I create a query on my vault cw log which is exported by fluentbit from the EKS cluster. Tbh I’m not sure why it’s not JSON structured, though though here are the errors I see:

fields @timestamp, @message
| sort @timestamp desc
| filter @message like "ERROR"
| display log

Just to re-iterate, when the third node goes down I expect Vault to still work.

It looks like you’ve supplied intermingled logs from multiple Vault nodes. I can’t make sense of that.

Also you’ve filtered the logging to only include errors, potentially hiding important hints.

Ok, I’ll filter by one stream (the one that fails on the node, which causes the entire vault service to fail) and include all log levels.

fields @timestamp, @message
| sort @timestamp desc
| filter @logStream="vault-server-2"
| display log

Thank you for taking a look @maxb !

Interesting. Unfortunately I don’t know much about AWS, EKS and AZs to know how it’s supposed to work, but …

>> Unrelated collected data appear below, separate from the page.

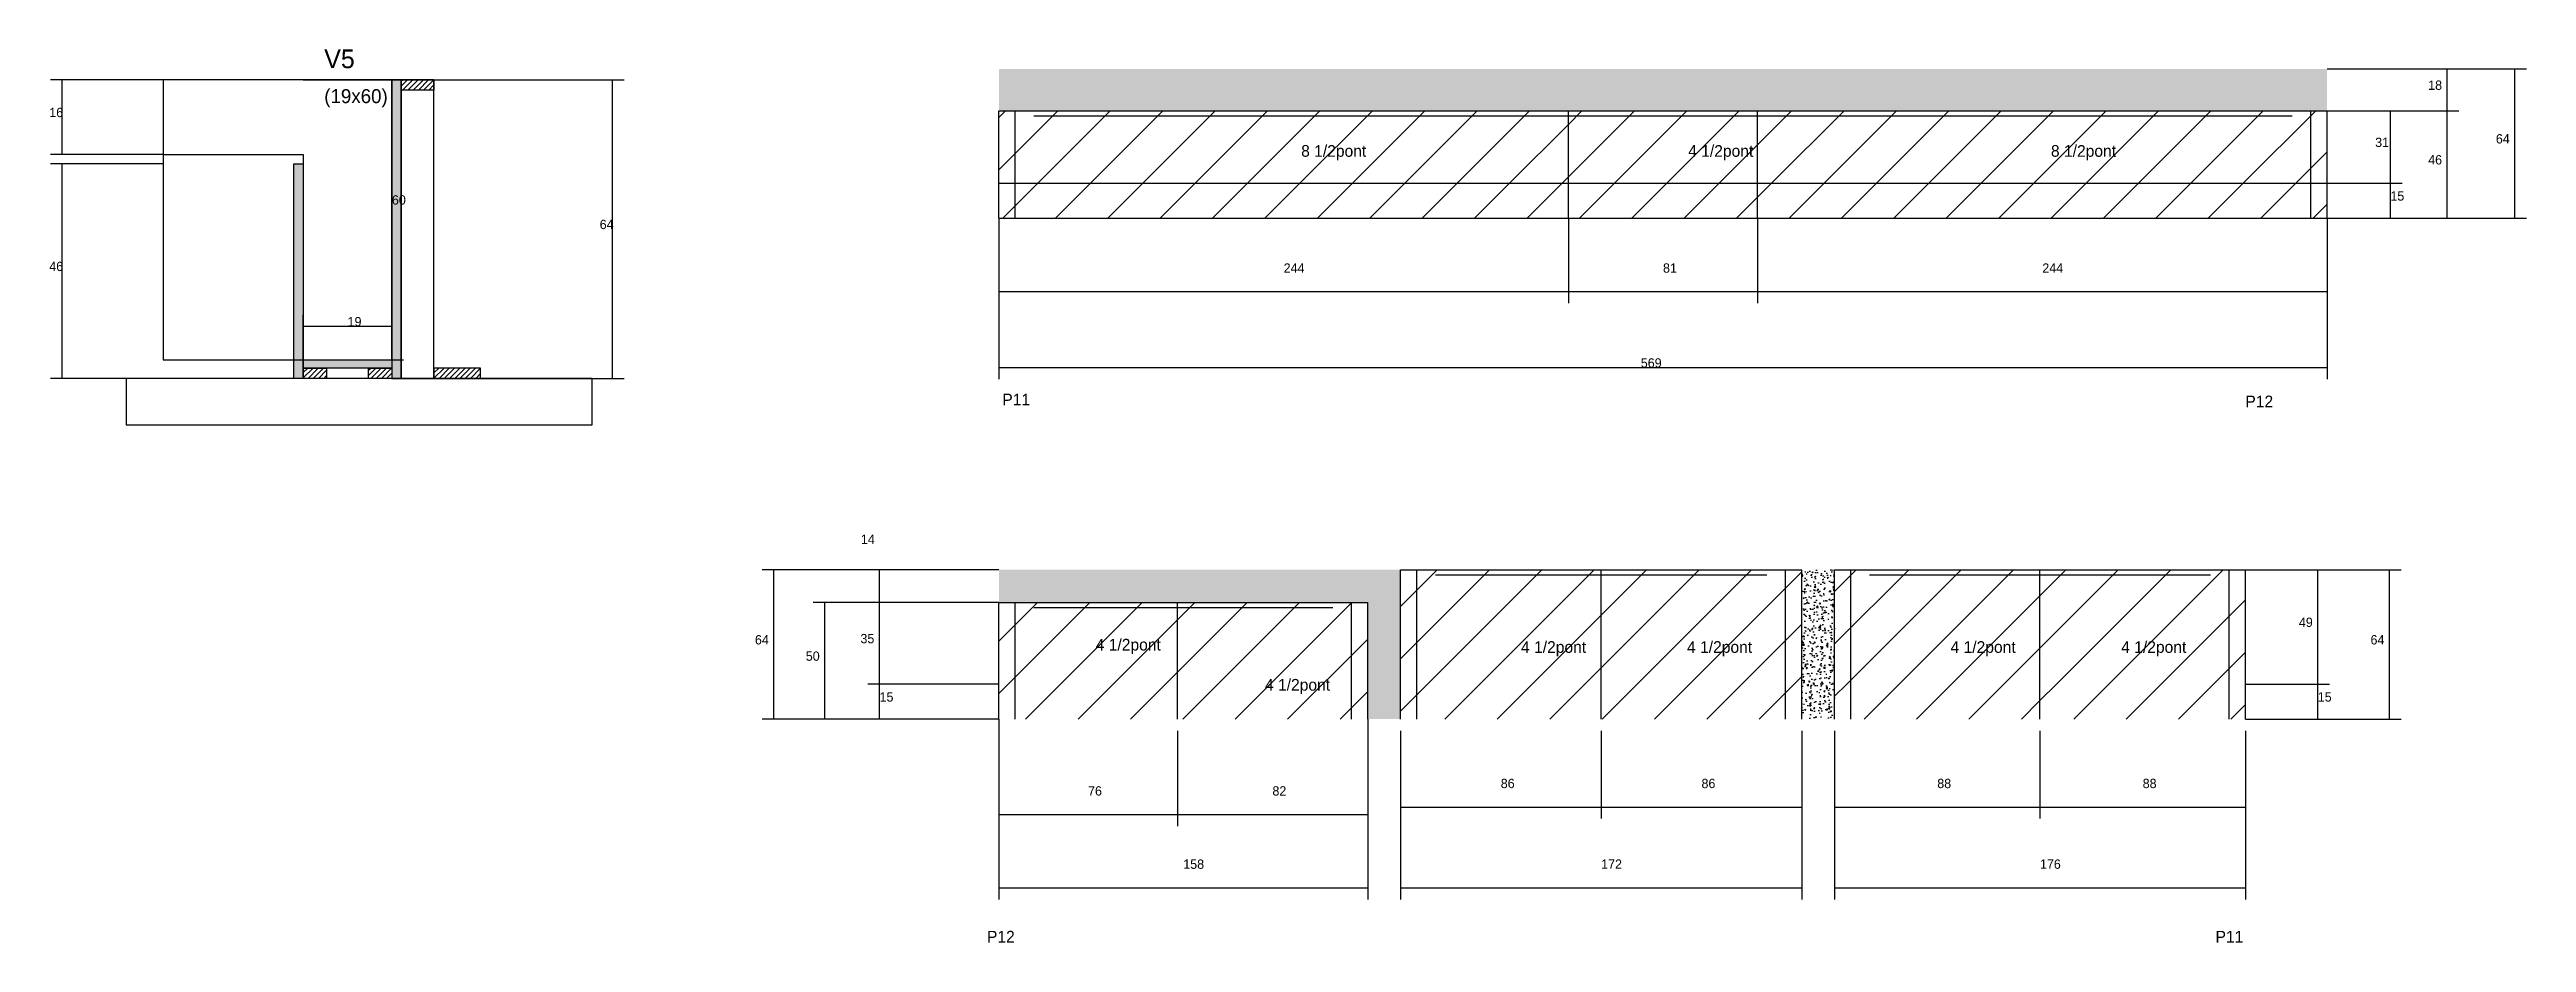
# Model space of a CAD drawing. Header units: metres. Extents: x -10224 to -9163, y 11970 to 13246.
# Drawn here: x -10224 to -9163, y 12864 to 13246 of the extents above.
import ezdxf

# ---------------------------------------------------------------- set-up
doc = ezdxf.new("R2010")
doc.units = ezdxf.units.M
for name, color, linetype in [('CONCRETO', 251, 'Continuous'), ('COTA', 4, 'Continuous'), ('Cota Seção (2x)', 4, 'Continuous'), ('Hachura', 253, 'Continuous'), ('Madeira', 126, 'Continuous'), ('NOMENCLATURA', 7, 'Continuous'), ('Painéis', 200, 'Continuous'), ('SARR_2.2x7', 40, 'Continuous'), ('Texto Seção', 7, 'Continuous')]:
    doc.layers.add(name, color=color, linetype=linetype)

msp = doc.modelspace()

# ---------------------------------------------------------------- hatches: boundary and pattern name
at = {"layer": 'COTA'}
h = msp.add_hatch(dxfattribs=at)
h.set_pattern_fill('AR-CONC', scale=0.03)
h.paths.add_polyline_path([(-9817, 13238.2), (-9817, 13220.2), (-9248, 13220.2), (-9248, 13238.2)])
h = msp.add_hatch(dxfattribs=at)
h.set_pattern_fill('AR-CONC', scale=0.03)
h.paths.add_polyline_path([(-9659, 12959.4), (-9645, 12959.4), (-9645, 13023.4), (-9817, 13023.4), (-9817, 13009.4), (-9659, 13009.4)])
h = msp.add_hatch(dxfattribs=at)
h.set_pattern_fill('AR-CONC', scale=0.03)
h.paths.add_polyline_path([(-9473, 12959.4), (-9459, 12959.4), (-9459, 13023.4), (-9473, 13023.4)])
at = {"layer": 'Hachura'}
h = msp.add_hatch(color=8, dxfattribs=at)
h.dxf.hatch_style = 1
h.paths.add_polyline_path([(-10073, 13233.5), (-10077, 13233.5), (-10077, 13233.5), (-10077, 13105.5), (-10077, 13105.5), (-10073, 13105.5), (-10073, 13105.5), (-10073, 13233.5)])
h = msp.add_hatch(dxfattribs=at)
h.set_pattern_fill('ANSI31', scale=0.5)
h.paths.add_polyline_path([(-10059, 13233.5), (-10059, 13229.1), (-10059, 13229.1), (-10073, 13229.1), (-10073, 13229.1), (-10073, 13233.5), (-10073, 13233.5), (-10059, 13233.5)])
h = msp.add_hatch(dxfattribs=at)
h.set_pattern_fill('ANSI31', scale=5)
h.paths.add_polyline_path([(-9573, 13189.2), (-9573, 13220.2), (-9817, 13220.2), (-9817, 13189.2)])
h = msp.add_hatch(dxfattribs=at)
h.set_pattern_fill('ANSI31', scale=5)
h.paths.add_polyline_path([(-9492, 13189.2), (-9492, 13220.2), (-9573, 13220.2), (-9573, 13189.2)])
h = msp.add_hatch(dxfattribs=at)
h.set_pattern_fill('ANSI31', scale=5)
h.paths.add_polyline_path([(-9248, 13189.2), (-9248, 13220.2), (-9492, 13220.2), (-9492, 13189.2)])
h = msp.add_hatch(color=8, dxfattribs=at)
h.dxf.hatch_style = 1
h.paths.add_polyline_path([(-10119, 13197.5), (-10115, 13197.5), (-10115, 13197.5), (-10115, 13105.5), (-10115, 13105.5), (-10119, 13105.5), (-10119, 13105.5), (-10119, 13197.5)])
h = msp.add_hatch(dxfattribs=at)
h.set_pattern_fill('ANSI31', scale=5)
h.paths.add_polyline_path([(-9817, 13189.2), (-9817, 13174.2), (-9573, 13174.2), (-9573, 13189.2)])
h = msp.add_hatch(dxfattribs=at)
h.set_pattern_fill('ANSI31', scale=5)
h.paths.add_polyline_path([(-9492, 13174.2), (-9492, 13189.2), (-9573, 13189.2), (-9573, 13174.2)])
h = msp.add_hatch(dxfattribs=at)
h.set_pattern_fill('ANSI31', scale=5)
h.paths.add_polyline_path([(-9492, 13189.2), (-9492, 13174.2), (-9248, 13174.2), (-9248, 13189.2)])
h = msp.add_hatch(color=8, dxfattribs=at)
h.dxf.hatch_style = 1
h.paths.add_polyline_path([(-10115, 13109.9), (-10115, 13113.5), (-10115, 13113.5), (-10077, 13113.5), (-10077, 13113.5), (-10077, 13109.9), (-10077, 13109.9), (-10115, 13109.9)])
h = msp.add_hatch(dxfattribs=at)
h.set_pattern_fill('ANSI31', scale=0.5)
h.paths.add_polyline_path([(-10115, 13105.5), (-10115, 13109.9), (-10115, 13109.9), (-10105, 13109.9), (-10105, 13109.9), (-10105, 13105.5), (-10105, 13105.5), (-10115, 13105.5)])
h = msp.add_hatch(dxfattribs=at)
h.set_pattern_fill('ANSI31', scale=0.5)
h.paths.add_polyline_path([(-10087, 13105.5), (-10087, 13109.9), (-10087, 13109.9), (-10077, 13109.9), (-10077, 13109.9), (-10077, 13105.5), (-10077, 13105.5), (-10087, 13105.5)])
h = msp.add_hatch(dxfattribs=at)
h.set_pattern_fill('ANSI31', scale=0.5)
h.paths.add_polyline_path([(-10039, 13105.5), (-10039, 13109.9), (-10039, 13109.9), (-10059, 13109.9), (-10059, 13109.9), (-10059, 13105.5), (-10059, 13105.5), (-10039, 13105.5)])
h = msp.add_hatch(dxfattribs=at)
h.set_pattern_fill('ANSI31', scale=5)
h.paths.add_polyline_path([(-9645, 13023.4), (-9645, 12974.4), (-9559, 12974.4), (-9559, 13023.4)])
h = msp.add_hatch(dxfattribs=at)
h.set_pattern_fill('ANSI31', scale=5)
h.paths.add_polyline_path([(-9559, 13023.4), (-9559, 12974.4), (-9473, 12974.4), (-9473, 13023.4)])
h = msp.add_hatch(dxfattribs=at)
h.set_pattern_fill('ANSI31', scale=5)
h.paths.add_polyline_path([(-9371, 12974.4), (-9371, 13023.4), (-9459, 13023.4), (-9459, 12974.4)])
h = msp.add_hatch(dxfattribs=at)
h.set_pattern_fill('ANSI31', scale=5)
h.paths.add_polyline_path([(-9283, 12974.4), (-9283, 13023.4), (-9371, 13023.4), (-9371, 12974.4)])
h = msp.add_hatch(dxfattribs=at)
h.set_pattern_fill('ANSI31', scale=5)
h.paths.add_polyline_path([(-9740.5, 12974.4), (-9740.5, 13009.4), (-9817, 13009.4), (-9817, 12974.4)])
h = msp.add_hatch(dxfattribs=at)
h.set_pattern_fill('ANSI31', scale=5)
h.paths.add_polyline_path([(-9659, 12959.4), (-9659, 13009.4), (-9740.5, 13009.4), (-9740.5, 12959.4)])
h = msp.add_hatch(dxfattribs=at)
h.set_pattern_fill('ANSI31', scale=5)
h.paths.add_polyline_path([(-9740.5, 12959.4), (-9740.5, 12974.4), (-9817, 12974.4), (-9817, 12959.4)])
h = msp.add_hatch(dxfattribs=at)
h.set_pattern_fill('ANSI31', scale=5)
h.paths.add_polyline_path([(-9645, 12974.4), (-9645, 12959.4), (-9559, 12959.4), (-9559, 12974.4)])
h = msp.add_hatch(dxfattribs=at)
h.set_pattern_fill('ANSI31', scale=5)
h.paths.add_polyline_path([(-9473, 12959.4), (-9473, 12974.4), (-9559, 12974.4), (-9559, 12959.4)])
h = msp.add_hatch(dxfattribs=at)
h.set_pattern_fill('ANSI31', scale=5)
h.paths.add_polyline_path([(-9371, 12959.4), (-9371, 12974.4), (-9459, 12974.4), (-9459, 12959.4)])
h = msp.add_hatch(dxfattribs=at)
h.set_pattern_fill('ANSI31', scale=5)
h.paths.add_polyline_path([(-9283, 12959.4), (-9283, 12974.4), (-9371, 12974.4), (-9371, 12959.4)])

# ---------------------------------------------------------------- linework, layer by layer
at = {"layer": 'CONCRETO'}
for points in [[(-10077, 13213.5), (-10077, 13233.5), (-10175, 13233.5), (-10175, 13201.5), (-10115, 13201.5), (-10115, 13113.5), (-10077, 13113.5), (-10077, 13213.5)], [(-10175, 13113.5), (-10077, 13113.5), (-10077, 13233.5), (-10175, 13233.5)]]:
    msp.add_lwpolyline(points, close=True, dxfattribs=at)
at = {"layer": 'COTA'}
for p, q in [((-10175, 13233.5), (-10223.3, 13233.5)), ((-10218.3, 13201.5), (-10218.3, 13233.5)), ((-10059, 13233.5), (-9977.5, 13233.5)), ((-9982.5, 13105.5), (-9982.5, 13233.5)), ((-9248, 13238.2), (-9191.6, 13238.2)), ((-9248, 13238.2), (-9162.6, 13238.2)), ((-9196.6, 13220.2), (-9196.6, 13238.2)), ((-9167.6, 13174.2), (-9167.6, 13238.2)), ((-9248, 13220.2), (-9215.9, 13220.2)), ((-9248, 13220.2), (-9191.6, 13220.2)), ((-9248, 13220.2), (-9191.6, 13220.2)), ((-9220.9, 13189.2), (-9220.9, 13220.2)), ((-9196.6, 13174.2), (-9196.6, 13220.2)), ((-10175, 13201.5), (-10223.3, 13201.5)), ((-10175, 13197.5), (-10223.3, 13197.5)), ((-10218.3, 13105.5), (-10218.3, 13197.5)), ((-9248, 13189.2), (-9215.9, 13189.2)), ((-9248, 13189.2), (-9215.9, 13189.2)), ((-9220.9, 13174.2), (-9220.9, 13189.2)), ((-9817, 13174.2), (-9817, 13137.7)), ((-9573, 13174.2), (-9573, 13137.7)), ((-9573, 13174.2), (-9573, 13137.7)), ((-9492, 13174.2), (-9492, 13137.7)), ((-9492, 13174.2), (-9492, 13137.7)), ((-9248, 13174.2), (-9248, 13137.7)), ((-9248, 13174.2), (-9162.6, 13174.2)), ((-9248, 13174.2), (-9215.9, 13174.2)), ((-9248, 13174.2), (-9191.6, 13174.2)), ((-9817, 13159.2), (-9817, 13105.1)), ((-9248, 13159.2), (-9248, 13105.1)), ((-9817, 13142.7), (-9573, 13142.7)), ((-9573, 13142.7), (-9492, 13142.7)), ((-9492, 13142.7), (-9248, 13142.7)), ((-10153, 13105.5), (-10223.3, 13105.5)), ((-10039, 13105.5), (-9977.5, 13105.5)), ((-9817, 13110.1), (-9248, 13110.1)), ((-9817, 13023.4), (-9918.4, 13023.4)), ((-9913.4, 12959.4), (-9913.4, 13023.4)), ((-9817, 13023.4), (-9873.1, 13023.4)), ((-9868.1, 13009.4), (-9868.1, 13023.4)), ((-9283, 13023.4), (-9216.3, 13023.4)), ((-9283, 13023.4), (-9247, 13023.4)), ((-9252, 12974.4), (-9252, 13023.4)), ((-9221.3, 12959.4), (-9221.3, 13023.4)), ((-9817, 13009.4), (-9896.6, 13009.4)), ((-9891.6, 12959.4), (-9891.6, 13009.4)), ((-9817, 13009.4), (-9873.1, 13009.4)), ((-9817, 13009.4), (-9873.1, 13009.4)), ((-9868.1, 12974.4), (-9868.1, 13009.4)), ((-9817, 12974.4), (-9873.1, 12974.4)), ((-9817, 12974.4), (-9873.1, 12974.4)), ((-9868.1, 12959.4), (-9868.1, 12974.4)), ((-9283, 12974.4), (-9247, 12974.4)), ((-9283, 12974.4), (-9247, 12974.4)), ((-9252, 12959.4), (-9252, 12974.4)), ((-9817, 12959.4), (-9918.4, 12959.4)), ((-9817, 12959.4), (-9896.6, 12959.4)), ((-9817, 12959.4), (-9873.1, 12959.4)), ((-9817, 12959.4), (-9817, 12882.1)), ((-9659, 12959.4), (-9659, 12882.1)), ((-9283, 12959.4), (-9216.3, 12959.4)), ((-9283, 12959.4), (-9247, 12959.4)), ((-9817, 12954.4), (-9817, 12913.5)), ((-9740.5, 12954.4), (-9740.5, 12913.5)), ((-9740.5, 12954.4), (-9740.5, 12913.5)), ((-9659, 12954.4), (-9659, 12913.5)), ((-9645, 12954.4), (-9645, 12916.7)), ((-9559, 12954.4), (-9559, 12916.7)), ((-9559, 12954.4), (-9559, 12916.7)), ((-9473, 12954.4), (-9473, 12916.7)), ((-9459, 12954.4), (-9459, 12916.7)), ((-9371, 12954.4), (-9371, 12916.7)), ((-9371, 12954.4), (-9371, 12916.7)), ((-9283, 12954.4), (-9283, 12916.7)), ((-9645, 12924.4), (-9645, 12882.1)), ((-9473, 12924.4), (-9473, 12882.1)), ((-9459, 12924.4), (-9459, 12882.1)), ((-9283, 12924.4), (-9283, 12882.1)), ((-9817, 12918.5), (-9740.5, 12918.5)), ((-9740.5, 12918.5), (-9659, 12918.5)), ((-9645, 12921.7), (-9559, 12921.7)), ((-9559, 12921.7), (-9473, 12921.7)), ((-9459, 12921.7), (-9371, 12921.7)), ((-9371, 12921.7), (-9283, 12921.7)), ((-9817, 12887.1), (-9659, 12887.1)), ((-9645, 12887.1), (-9473, 12887.1)), ((-9459, 12887.1), (-9283, 12887.1))]:
    msp.add_line(p, q, dxfattribs=at)
at = {"layer": 'Cota Seção (2x)'}
for p, q in [((-10115, 13233.5), (-10072, 13233.5)), ((-10077, 13113.5), (-10077, 13233.5)), ((-10115, 13113.5), (-10115, 13132.8)), ((-10115, 13127.8), (-10077, 13127.8)), ((-10077, 13113.5), (-10077, 13132.8)), ((-10115, 13113.5), (-10072, 13113.5))]:
    msp.add_line(p, q, dxfattribs=at)
at = {"layer": 'Madeira'}
for points in [[(-10059, 13233.5), (-10059, 13229.1), (-10073, 13229.1), (-10073, 13233.5)], [(-10059, 13233.5), (-10073, 13233.5), (-10073, 13105.5), (-10059, 13105.5)], [(-10190.8, 13085.5), (-9991.2, 13085.5), (-9991.2, 13105.5), (-10190.8, 13105.5)], [(-10115, 13105.5), (-10115, 13109.9), (-10105, 13109.9), (-10105, 13105.5)], [(-10087, 13105.5), (-10087, 13109.9), (-10077, 13109.9), (-10077, 13105.5)], [(-10039, 13105.5), (-10039, 13109.9), (-10059, 13109.9), (-10059, 13105.5)]]:
    msp.add_lwpolyline(points, close=True, dxfattribs=at)
at = {"layer": 'Painéis'}
for p, q in [((-9817, 13220.2), (-9248, 13220.2)), ((-9817, 13174.2), (-9817, 13220.2)), ((-9573, 13174.2), (-9573, 13220.2)), ((-9492, 13174.2), (-9492, 13220.2)), ((-9248, 13174.2), (-9248, 13220.2)), ((-10175, 13201.5), (-10115, 13201.5)), ((-9817, 13189.2), (-9248, 13189.2)), ((-9817, 13174.2), (-9248, 13174.2)), ((-10115, 13113.5), (-10077, 13113.5)), ((-9645, 13023.4), (-9473, 13023.4)), ((-9645, 12959.4), (-9645, 13023.4)), ((-9559, 12959.4), (-9559, 13023.4)), ((-9473, 12959.4), (-9473, 13023.4)), ((-9459, 13023.4), (-9283, 13023.4)), ((-9459, 12959.4), (-9459, 13023.4)), ((-9371, 12959.4), (-9371, 13023.4)), ((-9283, 12959.4), (-9283, 13023.4)), ((-9817, 13009.4), (-9659, 13009.4)), ((-9817, 12959.4), (-9817, 13009.4)), ((-9740.5, 12959.4), (-9740.5, 13009.4)), ((-9659, 12959.4), (-9659, 13009.4))]:
    msp.add_line(p, q, dxfattribs=at)
for points in [[(-10073, 13233.5), (-10077, 13233.5), (-10077, 13105.5), (-10073, 13105.5)], [(-10119, 13197.5), (-10115, 13197.5), (-10115, 13105.5), (-10119, 13105.5)], [(-10115, 13109.9), (-10115, 13113.5), (-10077, 13113.5), (-10077, 13109.9)]]:
    msp.add_lwpolyline(points, close=True, dxfattribs=at)
at = {"layer": 'SARR_2.2x7'}
for p, q in [((-9810, 13189.2), (-9810, 13220.2)), ((-9802, 13218), (-9573, 13218)), ((-9573, 13218), (-9492, 13218)), ((-9492, 13218), (-9263, 13218)), ((-9255, 13189.2), (-9255, 13220.2)), ((-9810, 13174.2), (-9810, 13189.2)), ((-9255, 13174.2), (-9255, 13189.2)), ((-9638, 12974.4), (-9638, 13023.4)), ((-9630, 13021.2), (-9559, 13021.2)), ((-9559, 13021.2), (-9488, 13021.2)), ((-9480, 12974.4), (-9480, 13023.4)), ((-9452, 12974.4), (-9452, 13023.4)), ((-9444, 13021.2), (-9371, 13021.2)), ((-9371, 13021.2), (-9298, 13021.2)), ((-9290, 12974.4), (-9290, 13023.4)), ((-9810, 12974.4), (-9810, 13009.4)), ((-9666, 12959.4), (-9666, 13009.4)), ((-9802, 13007.2), (-9740.5, 13007.2)), ((-9740.5, 13007.2), (-9674, 13007.2)), ((-9810, 12959.4), (-9810, 12974.4)), ((-9638, 12959.4), (-9638, 12974.4)), ((-9480, 12959.4), (-9480, 12974.4)), ((-9452, 12959.4), (-9452, 12974.4)), ((-9290, 12959.4), (-9290, 12974.4))]:
    msp.add_line(p, q, dxfattribs=at)

# ---------------------------------------------------------------- texts
at = {"layer": 'COTA'}
for s, p in [('18', (-9204.7, 13229.2)), ('16', (-10223.8, 13217.5)), ('31', (-9227.4, 13204.7)), ('46', (-9204.7, 13197.2)), ('64', (-9175.7, 13206.2)), ('15', (-9220.9, 13181.7)), ('64', (-9988, 13169.5)), ('46', (-10223.8, 13151.5)), ('244', (-9695, 13150.8)), ('81', (-9532.5, 13150.8)), ('244', (-9370, 13150.8)), ('569', (-9542, 13110.1)), ('14', (-9876.1, 13034.5)), ('49', (-9260.1, 12998.9)), ('64', (-9921.5, 12991.4)), ('50', (-9899.7, 12984.4)), ('35', (-9876.3, 12991.9)), ('64', (-9229.4, 12991.4)), ('15', (-9868.1, 12966.9)), ('15', (-9252, 12966.9)), ('76', (-9778.8, 12926.6)), ('82', (-9699.8, 12926.6)), ('86', (-9602, 12929.8)), ('86', (-9516, 12929.8)), ('88', (-9415, 12929.8)), ('88', (-9327, 12929.8)), ('158', (-9738, 12895.2)), ('172', (-9559, 12895.2)), ('176', (-9371, 12895.2))]:
    msp.add_text(s, height=4, dxfattribs=at).set_placement(p)
at = {"layer": 'Cota Seção (2x)'}
for s, p in [('60', (-10077, 13180)), ('19', (-10096, 13127.8))]:
    msp.add_text(s, height=4, dxfattribs=at).set_placement(p)
at = {"layer": 'NOMENCLATURA'}
for s, p in [('8 1/2pont', (-9687.5, 13200.5)), ('4 1/2pont', (-9521.7, 13200.5)), ('8 1/2pont', (-9366.3, 13200.5)), ('P11', (-9815.5, 13093.9)), ('P12', (-9283, 13093.1)), ('4 1/2pont', (-9775.5, 12988.8)), ('4 1/2pont', (-9593.3, 12987.8)), ('4 1/2pont', (-9522.2, 12987.8)), ('4 1/2pont', (-9409.3, 12987.8)), ('4 1/2pont', (-9336.2, 12987.8)), ('4 1/2pont', (-9703, 12971.6)), ('P12', (-9822.1, 12863.6)), ('P11', (-9295.8, 12863.6))]:
    msp.add_text(s, height=5, dxfattribs=at).set_placement(p)
at = {"layer": 'Texto Seção'}
for s, height, p in [('V5', 8, (-10106, 13238.5)), ('(19x60)', 6, (-10106, 13223.5))]:
    msp.add_text(s, height=height, dxfattribs=at).set_placement(p)

doc.saveas('drawing.dxf')

This message is repeated well over 100 times throughout the log:

[ERROR] storage.raft: failed to appendEntries to: peer=""{Voter vault-server-0 vault-server-0.vault-server-internal:8201}"" error=""dial tcp: lookup vault-server-0.vault-server-internal on 172.20.0.10:53: no such host""

That seems very wrong to me … if the pod had just gone down and was restarting, it ought to have come back pretty quickly, but instead Kubernetes is effectively claiming there’s no such pod for an extended period of time.

And meanwhile, there’s also a large number of:

[ERROR] storage.raft: failed to make requestVote RPC: target=""{Voter vault-server-1 vault-server-1.vault-server-internal:8201}"" error=""context deadline exceeded""

Which to me hints at there being network issues reaching the vault-server-1 pod or it being somehow under so much load that it can’t even respond to incoming network connections in a timely fashion.

A Raft cluster of 3 nodes can tolerate a single node failure

According to https://developer.hashicorp.com/vault/docs/internals/integrated-storage#deployment-table

But in my case it doesn’t appear to…

Something is wrong with your setup. I’ve already made my best guess based on the logs shown so far:

Maybe you should try moving all the nodes to one AZ, to confirm or eliminate inter-AZ networking in this environment being flaky.